Literature DB >> 26474779

Optimizing Methotrexate Treatment in Rheumatoid Arthritis: The Case for Subcutaneous Methotrexate Prior to Biologics.

Poonam Sharma1, David G I Scott2.   

Abstract

Methotrexate is the most common disease-modifying antirheumatic drug (DMARD) used in the treatment of rheumatoid arthritis (RA). Current evidence supports its efficacy in the treatment of RA, resulting in improved short-term disease control and long-term outcomes in terms of radiographic progression. Oral methotrexate has traditionally been used first-line due to various reasons, including ease of administration, low cost and easy availability. A methotrexate dose of >15 mg/week is generally required for disease control but oral methotrexate may be only partially effective or poorly tolerated in some patients.
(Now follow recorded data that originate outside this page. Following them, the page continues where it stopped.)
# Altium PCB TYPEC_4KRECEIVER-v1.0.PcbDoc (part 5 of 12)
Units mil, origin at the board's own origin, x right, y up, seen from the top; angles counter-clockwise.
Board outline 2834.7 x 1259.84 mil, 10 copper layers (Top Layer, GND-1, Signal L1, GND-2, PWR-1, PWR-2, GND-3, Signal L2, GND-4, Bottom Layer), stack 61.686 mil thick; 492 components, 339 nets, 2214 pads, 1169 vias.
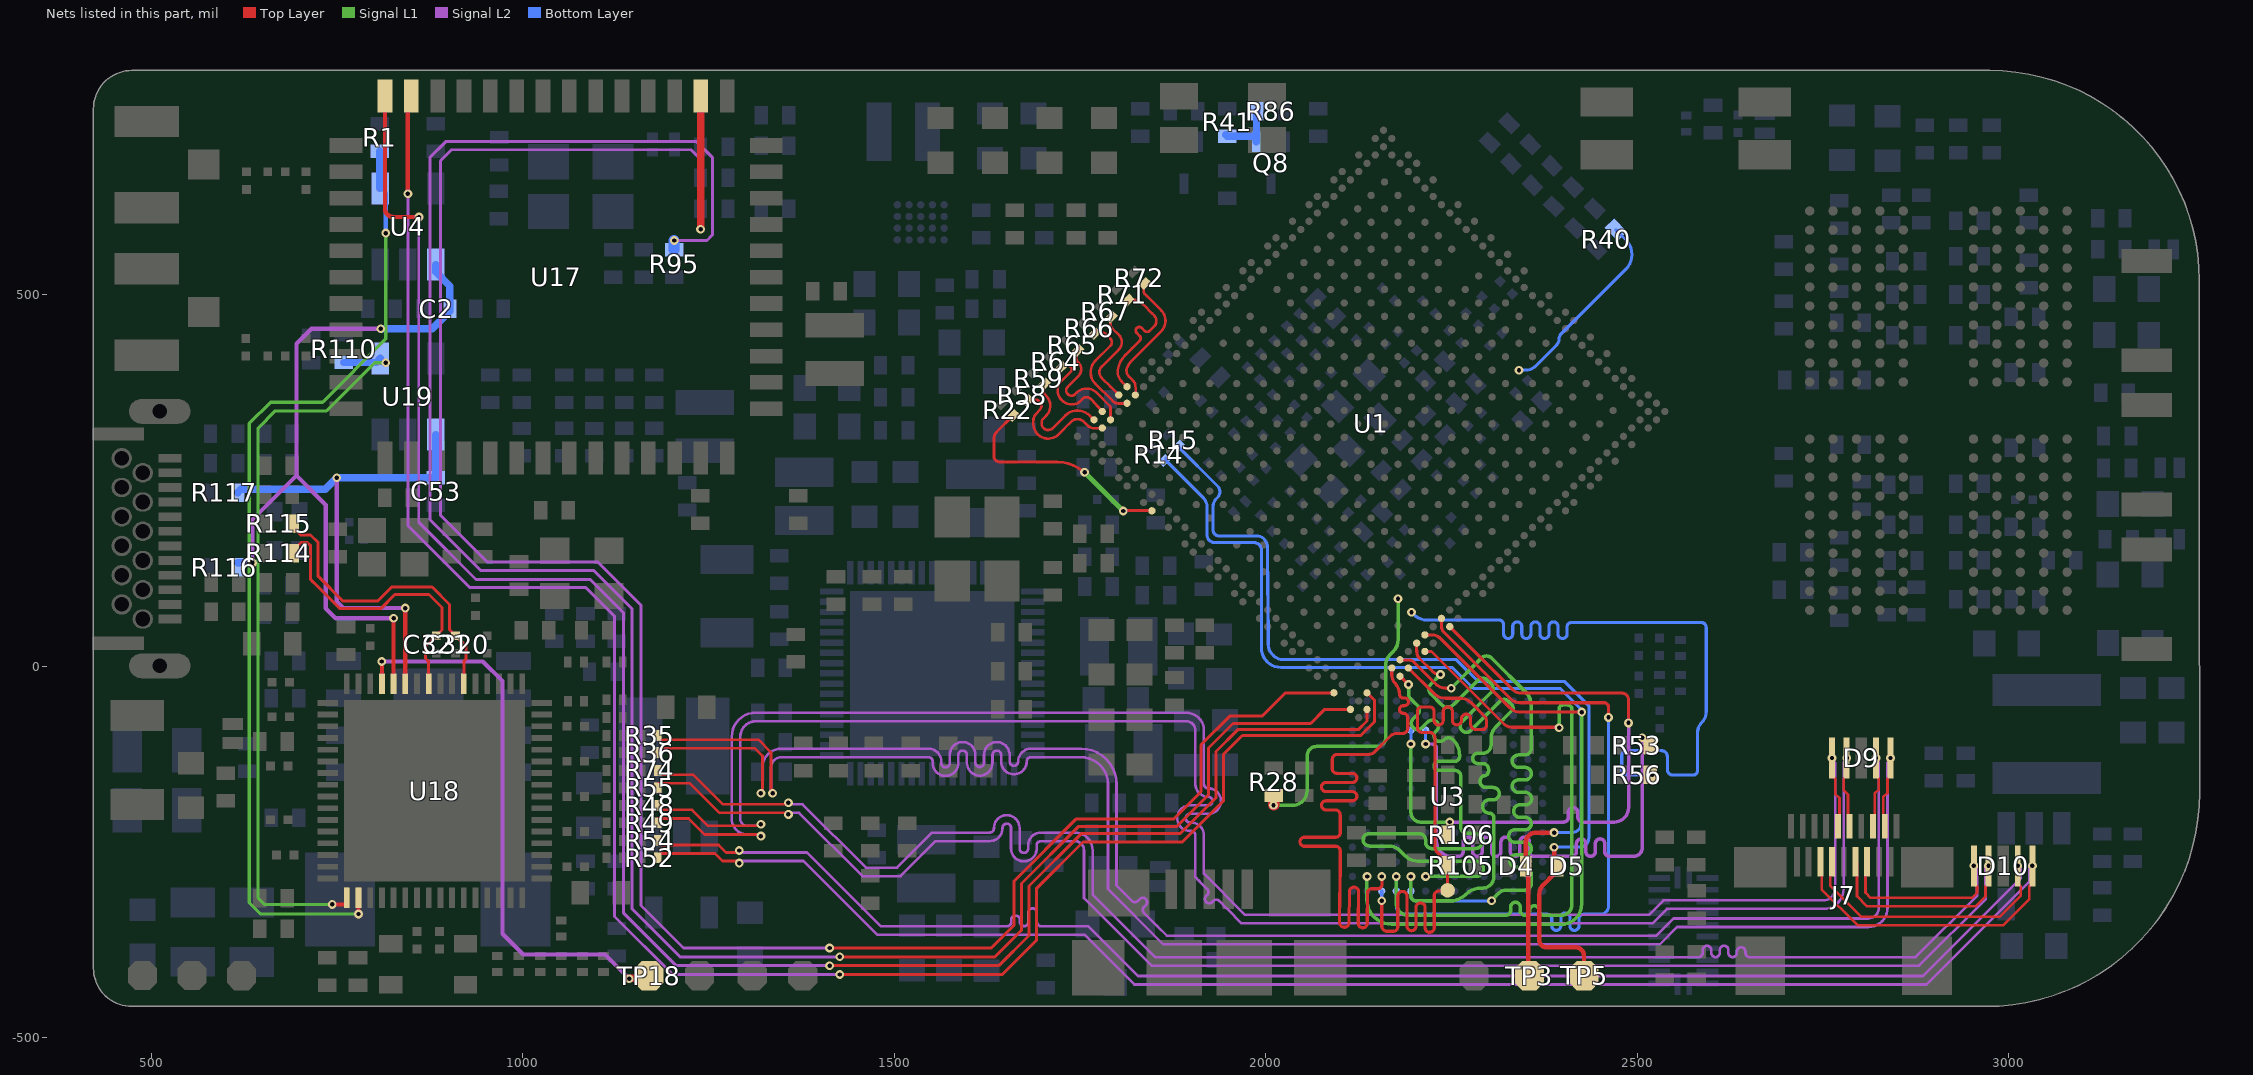
[diagram p11: the nets of this part, all layers, seen from the top]

## Part data (continued)
R100: library part RC0402FR-072KL, "RES 2K OHM 1% 1/16W 0402", Case Code (Imperial)=0402, Case Code (Metric)=1005, LCSC Part Number=C60488, Manufacturer=Yageo, Max Operating Temperature=155°C, Max Power Dissipation=63mW, Min Operating Temperature=-55°C, Package Quantity=1, Resistance Tolerance=1%, Resistor Type="Thick Film", Supplier Part Number=7970452, Temperature Coefficient=100ppm/°C, Voltage Rating=50V, Case/Package=0402, Category="Chip SMD Resistors", ComponentLink1Description=https://datasheet.ciiva.com/11808/0900766b80c66297-11808787.pdf?src-supplier=Rs, ComponentLink1URL=https://datasheet.ciiva.com/11808/0900766b80c66297-11808787.pdf?src-supplier=Rs, ComponentLink2Description=https://datasheet.ciiva.com/11808/0900766b80c66297-11808787.pdf?src-supplier=Rs, ComponentLink2URL=https://datasheet.ciiva.com/11808/0900766b80c66297-11808787.pdf?src-supplier=Rs, ComponentLink3Description=https://datasheet.ciiva.com/7849/1018594-7849934.pdf?src-supplier=Element14, ComponentLink3URL=https://datasheet.ciiva.com/7849/1018594-7849934.pdf?src-supplier=Element14, ComponentLink4Description=https://datasheet.ciiva.com/7849/1018594-7849935.pdf?src-supplier=Element14, ComponentLink4URL=https://datasheet.ciiva.com/7849/1018594-7849935.pdf?src-supplier=Element14, ComponentLink5Description=https://datasheet.ciiva.com/7983/1018594-7983517.pdf?src-supplier=Element14, ComponentLink5URL=https://datasheet.ciiva.com/7983/1018594-7983517.pdf?src-supplier=Element14, ComponentLink6Description=https://datasheet.ciiva.com/2453/pyu-r-int-thick-7-2453635.pdf?src-supplier=Digi-Key, ComponentLink6URL=https://datasheet.ciiva.com/2453/pyu-r-int-thick-7-2453635.pdf?src-supplier=Digi-Key, ComponentLink7Description=https://datasheet.ciiva.com/2453/pyu-r-int-thick-7-2453636.pdf?src-supplier=Digi-Key, ComponentLink7URL=https://datasheet.ciiva.com/2453/pyu-r-int-thick-7-2453636.pdf?src-supplier=Digi-Key, ComponentLink8Description=https://datasheet.ciiva.com/2453/pyu-r-int-thick-7-2453634.pdf?src-supplier=Digi-Key, ComponentLink8URL=https://datasheet.ciiva.com/2453/pyu-r-int-thick-7-2453634.pdf?src-supplier=Digi-Key, ComponentLink9Description=https://datasheet.ciiva.com/12667/pyu-rc0402-51-rohs-l-6-r-12667451.pdf?src-supplier=Mouser, ComponentLink9URL=https://datasheet.ciiva.com/12667/pyu-rc0402-51-rohs-l-6-r-12667451.pdf?src-supplier=Mouser, ComponentLink10Description=https://datasheet.ciiva.com/15189/getdatasheetpartid-358921-15189414.pdf?src-supplier=Verical, ComponentLink10URL=https://datasheet.ciiva.com/15189/getdatasheetpartid-358921-15189414.pdf?src-supplier=Verical, ComponentLink11Description=https://datasheet.ciiva.com/2453/pyu-r-int-thick-7-2453635.pdf?src-supplier=Digikey, ComponentLink11URL=https://datasheet.ciiva.com/2453/pyu-r-int-thick-7-2453635.pdf?src-supplier=Digikey, ComponentLink12Description=https://datasheet.ciiva.com/2453/pyu-r-int-thick-7-2453636.pdf?src-supplier=Digikey, ComponentLink12URL=https://datasheet.ciiva.com/2453/pyu-r-int-thick-7-2453636.pdf?src-supplier=Digikey, ComponentLink13Description=https://datasheet.ciiva.com/2453/pyu-r-int-thick-7-2453634.pdf?src-supplier=Digikey, ComponentLink13URL=https://datasheet.ciiva.com/2453/pyu-r-int-thick-7-2453634.pdf?src-supplier=Digikey, Construction=Rectangular, Depth=0.5mm, Features="Moisture Resistant", Height=0.016inch, Item Type=Resistor, Lead Free=5697LeadFree, Length=0.039inch, Manufacturer Part Number=RC0402FR-072KL, Military Standard=Not, Number of Terminations=2, Packaging="Tape and Reel", Power Rating=63mW, Pricing="10000=0.0018, 100000=0.0011, 200000=0.0017, 300000=0.001, 750000=0.0016, 2000000=0.0009, 2500000=0.0016, 10000000=0.0014 (USD)", Reach SVHC Compliant=Unknown, RoHS=Yes, RoHS Compliant=Yes, Series=RC, Stock=8530000, Supplier="Future Electronics", Technology="THICK FILM", Termination=SMD/SMT, Tolerance=1%, Voltage Rating (DC)=50V, Width=0.02inch, Working Voltage=50V
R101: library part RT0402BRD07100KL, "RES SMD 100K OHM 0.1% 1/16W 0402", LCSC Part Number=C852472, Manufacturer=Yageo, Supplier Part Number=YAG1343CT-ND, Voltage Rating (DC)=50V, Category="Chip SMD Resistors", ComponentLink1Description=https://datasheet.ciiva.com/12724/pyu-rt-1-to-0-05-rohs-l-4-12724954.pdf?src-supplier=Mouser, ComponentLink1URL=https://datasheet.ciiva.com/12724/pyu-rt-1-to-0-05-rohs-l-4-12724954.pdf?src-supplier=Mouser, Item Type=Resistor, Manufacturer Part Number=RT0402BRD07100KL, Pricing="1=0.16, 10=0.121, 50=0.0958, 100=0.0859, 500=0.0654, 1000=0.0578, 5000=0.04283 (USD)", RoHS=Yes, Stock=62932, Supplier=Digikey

The rationale for using subcutaneous (SC) methotrexate is based on its improved bioavailability at higher doses and better tolerability in some patients who have side effects when receiving oral methotrexate. Current guidance advocates 'treating to target', with the aim of inducing remission in RA patients. In some patients, this can be achieved using methotrexate alone or in combination with other traditional DMARDs. Patients who have not responded to two DMARDs, including methotrexate, are eligible for biological therapy as per current National Institute for Health and Care Excellence (NICE) guidance in the UK. Biological treatments are expensive and using SC methotrexate can improve disease control in RA patients, thus potentially avoiding or delaying the requirement for future biological treatment.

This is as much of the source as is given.